╭─ DATA EXTRACTS

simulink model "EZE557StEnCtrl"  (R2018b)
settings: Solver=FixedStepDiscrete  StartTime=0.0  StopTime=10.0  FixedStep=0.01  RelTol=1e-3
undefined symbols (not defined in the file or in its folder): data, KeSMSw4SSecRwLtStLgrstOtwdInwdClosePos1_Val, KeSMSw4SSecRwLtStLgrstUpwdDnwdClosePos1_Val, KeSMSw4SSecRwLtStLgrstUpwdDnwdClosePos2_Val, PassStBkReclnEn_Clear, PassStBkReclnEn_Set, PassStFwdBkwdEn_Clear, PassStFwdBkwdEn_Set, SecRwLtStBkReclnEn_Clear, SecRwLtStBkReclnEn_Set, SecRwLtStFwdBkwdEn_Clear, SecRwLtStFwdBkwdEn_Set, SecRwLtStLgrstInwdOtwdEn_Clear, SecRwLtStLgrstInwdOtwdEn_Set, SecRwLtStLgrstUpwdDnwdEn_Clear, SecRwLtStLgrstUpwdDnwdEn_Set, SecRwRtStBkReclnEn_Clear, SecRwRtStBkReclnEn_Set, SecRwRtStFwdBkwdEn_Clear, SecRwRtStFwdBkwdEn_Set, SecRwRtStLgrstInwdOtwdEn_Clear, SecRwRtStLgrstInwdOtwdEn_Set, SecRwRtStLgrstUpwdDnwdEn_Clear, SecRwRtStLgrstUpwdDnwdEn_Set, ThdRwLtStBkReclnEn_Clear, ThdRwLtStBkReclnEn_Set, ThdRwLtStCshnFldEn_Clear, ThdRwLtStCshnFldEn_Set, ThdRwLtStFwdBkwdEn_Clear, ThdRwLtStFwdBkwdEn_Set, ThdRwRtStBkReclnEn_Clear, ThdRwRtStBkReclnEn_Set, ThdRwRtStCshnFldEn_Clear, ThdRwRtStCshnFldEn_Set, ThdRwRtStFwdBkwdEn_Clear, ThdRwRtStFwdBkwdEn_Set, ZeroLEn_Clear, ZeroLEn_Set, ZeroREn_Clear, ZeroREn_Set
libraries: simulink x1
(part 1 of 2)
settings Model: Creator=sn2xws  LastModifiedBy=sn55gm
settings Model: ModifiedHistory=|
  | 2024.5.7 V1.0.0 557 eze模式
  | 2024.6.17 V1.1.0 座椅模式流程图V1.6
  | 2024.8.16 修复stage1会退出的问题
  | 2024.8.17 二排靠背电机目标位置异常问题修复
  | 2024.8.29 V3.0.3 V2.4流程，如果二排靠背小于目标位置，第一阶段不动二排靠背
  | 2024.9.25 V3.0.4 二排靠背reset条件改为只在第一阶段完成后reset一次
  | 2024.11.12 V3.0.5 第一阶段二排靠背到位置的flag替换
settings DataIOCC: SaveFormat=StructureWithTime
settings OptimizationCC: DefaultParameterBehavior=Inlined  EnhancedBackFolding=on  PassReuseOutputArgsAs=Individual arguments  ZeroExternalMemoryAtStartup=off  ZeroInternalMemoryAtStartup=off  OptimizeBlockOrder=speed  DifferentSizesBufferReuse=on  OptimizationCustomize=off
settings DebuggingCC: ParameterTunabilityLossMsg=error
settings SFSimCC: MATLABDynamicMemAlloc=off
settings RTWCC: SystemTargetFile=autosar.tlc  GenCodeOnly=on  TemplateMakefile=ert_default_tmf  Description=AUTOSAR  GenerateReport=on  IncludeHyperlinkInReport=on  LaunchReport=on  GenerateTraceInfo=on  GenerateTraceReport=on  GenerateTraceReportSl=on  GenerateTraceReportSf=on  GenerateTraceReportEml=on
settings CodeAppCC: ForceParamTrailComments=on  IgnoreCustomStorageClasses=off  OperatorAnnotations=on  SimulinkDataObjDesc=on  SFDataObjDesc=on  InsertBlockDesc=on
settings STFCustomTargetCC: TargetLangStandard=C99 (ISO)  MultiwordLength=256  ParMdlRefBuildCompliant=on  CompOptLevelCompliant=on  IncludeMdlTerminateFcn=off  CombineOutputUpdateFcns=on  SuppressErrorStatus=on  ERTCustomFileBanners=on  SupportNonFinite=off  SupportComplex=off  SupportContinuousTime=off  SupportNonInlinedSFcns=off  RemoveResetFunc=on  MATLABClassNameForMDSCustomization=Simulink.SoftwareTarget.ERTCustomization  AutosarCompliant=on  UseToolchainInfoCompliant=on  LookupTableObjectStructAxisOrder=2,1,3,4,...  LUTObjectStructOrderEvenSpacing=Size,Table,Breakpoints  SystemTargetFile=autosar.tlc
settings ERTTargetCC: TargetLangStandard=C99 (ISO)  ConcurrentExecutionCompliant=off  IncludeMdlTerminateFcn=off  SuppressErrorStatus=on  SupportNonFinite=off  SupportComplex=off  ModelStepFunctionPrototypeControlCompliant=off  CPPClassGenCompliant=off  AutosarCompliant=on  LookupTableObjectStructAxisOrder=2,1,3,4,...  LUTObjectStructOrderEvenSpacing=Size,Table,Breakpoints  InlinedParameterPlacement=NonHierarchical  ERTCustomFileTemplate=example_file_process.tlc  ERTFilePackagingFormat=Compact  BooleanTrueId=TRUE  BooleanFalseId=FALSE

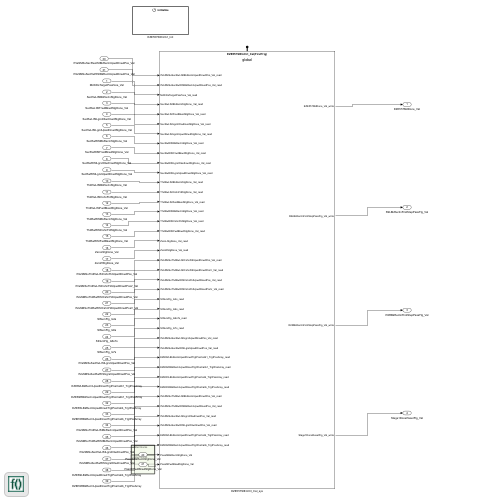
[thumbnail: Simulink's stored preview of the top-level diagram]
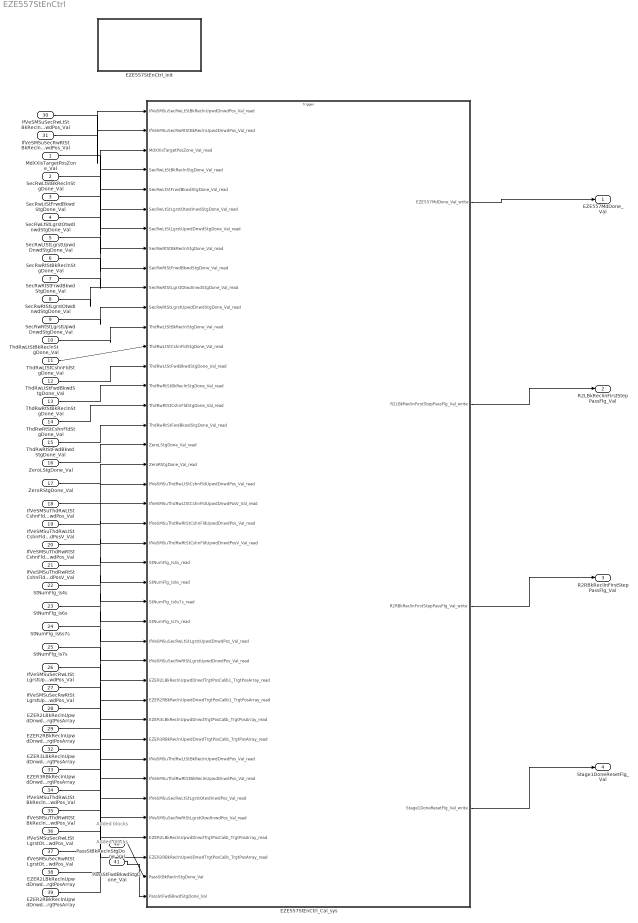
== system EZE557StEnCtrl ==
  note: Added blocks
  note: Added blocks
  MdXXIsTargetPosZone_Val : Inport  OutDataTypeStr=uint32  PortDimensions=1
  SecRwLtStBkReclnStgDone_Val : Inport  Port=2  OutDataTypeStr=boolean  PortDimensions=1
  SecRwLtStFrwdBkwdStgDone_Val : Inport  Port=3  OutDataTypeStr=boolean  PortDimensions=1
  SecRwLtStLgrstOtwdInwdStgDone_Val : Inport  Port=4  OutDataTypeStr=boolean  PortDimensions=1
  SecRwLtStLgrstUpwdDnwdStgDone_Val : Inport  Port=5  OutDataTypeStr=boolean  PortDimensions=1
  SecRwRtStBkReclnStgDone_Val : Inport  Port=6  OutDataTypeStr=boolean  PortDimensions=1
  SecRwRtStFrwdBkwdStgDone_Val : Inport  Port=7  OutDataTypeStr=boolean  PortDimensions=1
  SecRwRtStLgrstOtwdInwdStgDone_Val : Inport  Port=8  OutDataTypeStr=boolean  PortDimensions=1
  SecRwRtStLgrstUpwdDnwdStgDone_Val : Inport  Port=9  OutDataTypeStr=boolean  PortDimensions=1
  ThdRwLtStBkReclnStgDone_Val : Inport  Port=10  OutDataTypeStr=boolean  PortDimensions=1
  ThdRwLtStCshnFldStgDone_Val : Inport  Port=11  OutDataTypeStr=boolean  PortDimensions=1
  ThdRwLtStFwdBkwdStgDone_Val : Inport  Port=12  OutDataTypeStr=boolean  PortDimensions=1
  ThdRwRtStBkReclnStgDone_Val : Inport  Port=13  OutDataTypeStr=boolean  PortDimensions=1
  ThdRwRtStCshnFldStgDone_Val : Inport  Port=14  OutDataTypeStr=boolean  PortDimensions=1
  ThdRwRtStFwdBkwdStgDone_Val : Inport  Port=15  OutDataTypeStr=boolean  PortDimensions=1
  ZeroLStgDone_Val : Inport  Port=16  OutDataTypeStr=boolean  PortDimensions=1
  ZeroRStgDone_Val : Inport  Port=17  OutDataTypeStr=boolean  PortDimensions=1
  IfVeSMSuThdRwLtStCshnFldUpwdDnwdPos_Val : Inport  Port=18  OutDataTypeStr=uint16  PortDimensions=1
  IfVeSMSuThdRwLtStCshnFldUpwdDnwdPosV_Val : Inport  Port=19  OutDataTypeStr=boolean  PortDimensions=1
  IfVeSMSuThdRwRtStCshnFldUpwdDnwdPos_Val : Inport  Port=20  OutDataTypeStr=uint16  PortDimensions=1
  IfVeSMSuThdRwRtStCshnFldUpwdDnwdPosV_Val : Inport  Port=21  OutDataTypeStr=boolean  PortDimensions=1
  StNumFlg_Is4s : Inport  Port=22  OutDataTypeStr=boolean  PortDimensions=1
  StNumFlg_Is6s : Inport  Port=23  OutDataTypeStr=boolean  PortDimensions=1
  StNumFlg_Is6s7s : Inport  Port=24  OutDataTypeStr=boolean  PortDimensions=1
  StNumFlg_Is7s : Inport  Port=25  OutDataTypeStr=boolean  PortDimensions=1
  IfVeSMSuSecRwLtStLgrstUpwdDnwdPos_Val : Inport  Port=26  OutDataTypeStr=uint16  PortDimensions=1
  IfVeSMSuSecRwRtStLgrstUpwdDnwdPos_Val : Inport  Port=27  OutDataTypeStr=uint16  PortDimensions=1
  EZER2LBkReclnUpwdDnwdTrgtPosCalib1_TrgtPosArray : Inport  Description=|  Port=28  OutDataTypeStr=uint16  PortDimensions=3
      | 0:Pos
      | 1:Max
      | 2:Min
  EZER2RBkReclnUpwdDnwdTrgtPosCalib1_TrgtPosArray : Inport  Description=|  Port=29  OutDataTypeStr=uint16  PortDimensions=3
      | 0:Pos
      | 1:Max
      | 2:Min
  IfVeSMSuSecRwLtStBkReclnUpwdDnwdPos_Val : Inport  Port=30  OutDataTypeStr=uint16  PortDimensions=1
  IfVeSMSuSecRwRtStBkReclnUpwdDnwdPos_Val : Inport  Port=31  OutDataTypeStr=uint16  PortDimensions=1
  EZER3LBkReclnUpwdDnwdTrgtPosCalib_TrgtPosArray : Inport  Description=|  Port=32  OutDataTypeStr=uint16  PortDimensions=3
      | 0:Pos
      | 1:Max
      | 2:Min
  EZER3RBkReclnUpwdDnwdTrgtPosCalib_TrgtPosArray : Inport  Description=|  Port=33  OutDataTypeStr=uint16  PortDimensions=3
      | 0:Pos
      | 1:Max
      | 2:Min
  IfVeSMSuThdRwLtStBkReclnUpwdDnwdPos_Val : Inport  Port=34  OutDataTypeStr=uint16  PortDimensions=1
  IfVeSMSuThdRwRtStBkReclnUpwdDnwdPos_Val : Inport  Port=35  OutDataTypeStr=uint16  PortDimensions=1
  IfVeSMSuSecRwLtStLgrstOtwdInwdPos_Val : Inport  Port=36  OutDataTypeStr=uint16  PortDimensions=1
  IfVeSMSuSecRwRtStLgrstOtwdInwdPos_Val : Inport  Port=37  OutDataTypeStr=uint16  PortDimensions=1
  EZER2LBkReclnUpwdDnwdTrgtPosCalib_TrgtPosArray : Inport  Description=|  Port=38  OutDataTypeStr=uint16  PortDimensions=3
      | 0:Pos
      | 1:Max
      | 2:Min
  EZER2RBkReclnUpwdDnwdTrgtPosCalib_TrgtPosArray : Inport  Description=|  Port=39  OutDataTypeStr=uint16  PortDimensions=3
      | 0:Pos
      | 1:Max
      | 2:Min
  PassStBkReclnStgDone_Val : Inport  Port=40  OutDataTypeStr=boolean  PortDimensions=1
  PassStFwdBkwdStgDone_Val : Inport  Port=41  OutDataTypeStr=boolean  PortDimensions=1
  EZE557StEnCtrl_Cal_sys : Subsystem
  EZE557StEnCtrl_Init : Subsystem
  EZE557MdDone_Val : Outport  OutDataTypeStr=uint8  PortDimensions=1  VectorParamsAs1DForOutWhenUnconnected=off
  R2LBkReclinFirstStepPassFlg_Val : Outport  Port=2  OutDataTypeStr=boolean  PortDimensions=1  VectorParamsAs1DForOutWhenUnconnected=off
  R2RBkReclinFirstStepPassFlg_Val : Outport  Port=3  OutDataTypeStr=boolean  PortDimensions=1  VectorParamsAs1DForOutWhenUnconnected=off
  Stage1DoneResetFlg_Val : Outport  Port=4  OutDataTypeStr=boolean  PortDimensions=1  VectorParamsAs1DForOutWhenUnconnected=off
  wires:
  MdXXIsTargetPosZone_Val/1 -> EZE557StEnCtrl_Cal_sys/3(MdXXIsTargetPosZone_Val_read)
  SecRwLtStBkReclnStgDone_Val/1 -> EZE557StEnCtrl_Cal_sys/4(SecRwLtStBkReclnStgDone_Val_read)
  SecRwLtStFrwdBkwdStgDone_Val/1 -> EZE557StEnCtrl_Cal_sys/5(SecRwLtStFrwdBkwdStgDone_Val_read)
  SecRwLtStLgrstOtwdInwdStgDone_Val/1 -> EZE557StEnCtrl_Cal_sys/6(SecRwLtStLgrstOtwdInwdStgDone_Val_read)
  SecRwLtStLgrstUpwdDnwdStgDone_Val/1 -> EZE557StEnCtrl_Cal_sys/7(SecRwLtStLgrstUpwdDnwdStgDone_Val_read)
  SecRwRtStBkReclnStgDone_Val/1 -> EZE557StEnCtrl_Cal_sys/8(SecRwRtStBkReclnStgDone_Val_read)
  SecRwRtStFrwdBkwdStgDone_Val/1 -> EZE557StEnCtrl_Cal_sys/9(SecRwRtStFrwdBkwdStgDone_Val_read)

╰─

→ **YOUR INSTRUCTIONS**
Each line from the top of the records through the one with "settings OptimizationCC: DefaultParameterBehavior=Inlined" should be returned exactly. Leave out everything else.

→ **WRITTEN RESPONSE**
simulink model "EZE557StEnCtrl"  (R2018b)
settings: Solver=FixedStepDiscrete  StartTime=0.0  StopTime=10.0  FixedStep=0.01  RelTol=1e-3
undefined symbols (not defined in the file or in its folder): data, KeSMSw4SSecRwLtStLgrstOtwdInwdClosePos1_Val, KeSMSw4SSecRwLtStLgrstUpwdDnwdClosePos1_Val, KeSMSw4SSecRwLtStLgrstUpwdDnwdClosePos2_Val, PassStBkReclnEn_Clear, PassStBkReclnEn_Set, PassStFwdBkwdEn_Clear, PassStFwdBkwdEn_Set, SecRwLtStBkReclnEn_Clear, SecRwLtStBkReclnEn_Set, SecRwLtStFwdBkwdEn_Clear, SecRwLtStFwdBkwdEn_Set, SecRwLtStLgrstInwdOtwdEn_Clear, SecRwLtStLgrstInwdOtwdEn_Set, SecRwLtStLgrstUpwdDnwdEn_Clear, SecRwLtStLgrstUpwdDnwdEn_Set, SecRwRtStBkReclnEn_Clear, SecRwRtStBkReclnEn_Set, SecRwRtStFwdBkwdEn_Clear, SecRwRtStFwdBkwdEn_Set, SecRwRtStLgrstInwdOtwdEn_Clear, SecRwRtStLgrstInwdOtwdEn_Set, SecRwRtStLgrstUpwdDnwdEn_Clear, SecRwRtStLgrstUpwdDnwdEn_Set, ThdRwLtStBkReclnEn_Clear, ThdRwLtStBkReclnEn_Set, ThdRwLtStCshnFldEn_Clear, ThdRwLtStCshnFldEn_Set, ThdRwLtStFwdBkwdEn_Clear, ThdRwLtStFwdBkwdEn_Set, ThdRwRtStBkReclnEn_Clear, ThdRwRtStBkReclnEn_Set, ThdRwRtStCshnFldEn_Clear, ThdRwRtStCshnFldEn_Set, ThdRwRtStFwdBkwdEn_Clear, ThdRwRtStFwdBkwdEn_Set, ZeroLEn_Clear, ZeroLEn_Set, ZeroREn_Clear, ZeroREn_Set
libraries: simulink x1
(part 1 of 2)
settings Model: Creator=sn2xws  LastModifiedBy=sn55gm
settings Model: ModifiedHistory=|
  | 2024.5.7 V1.0.0 557 eze模式
  | 2024.6.17 V1.1.0 座椅模式流程图V1.6
  | 2024.8.16 修复stage1会退出的问题
  | 2024.8.17 二排靠背电机目标位置异常问题修复
  | 2024.8.29 V3.0.3 V2.4流程，如果二排靠背小于目标位置，第一阶段不动二排靠背
  | 2024.9.25 V3.0.4 二排靠背reset条件改为只在第一阶段完成后reset一次
  | 2024.11.12 V3.0.5 第一阶段二排靠背到位置的flag替换
settings DataIOCC: SaveFormat=StructureWithTime
settings OptimizationCC: DefaultParameterBehavior=Inlined  EnhancedBackFolding=on  PassReuseOutputArgsAs=Individual arguments  ZeroExternalMemoryAtStartup=off  ZeroInternalMemoryAtStartup=off  OptimizeBlockOrder=speed  DifferentSizesBufferReuse=on  OptimizationCustomize=off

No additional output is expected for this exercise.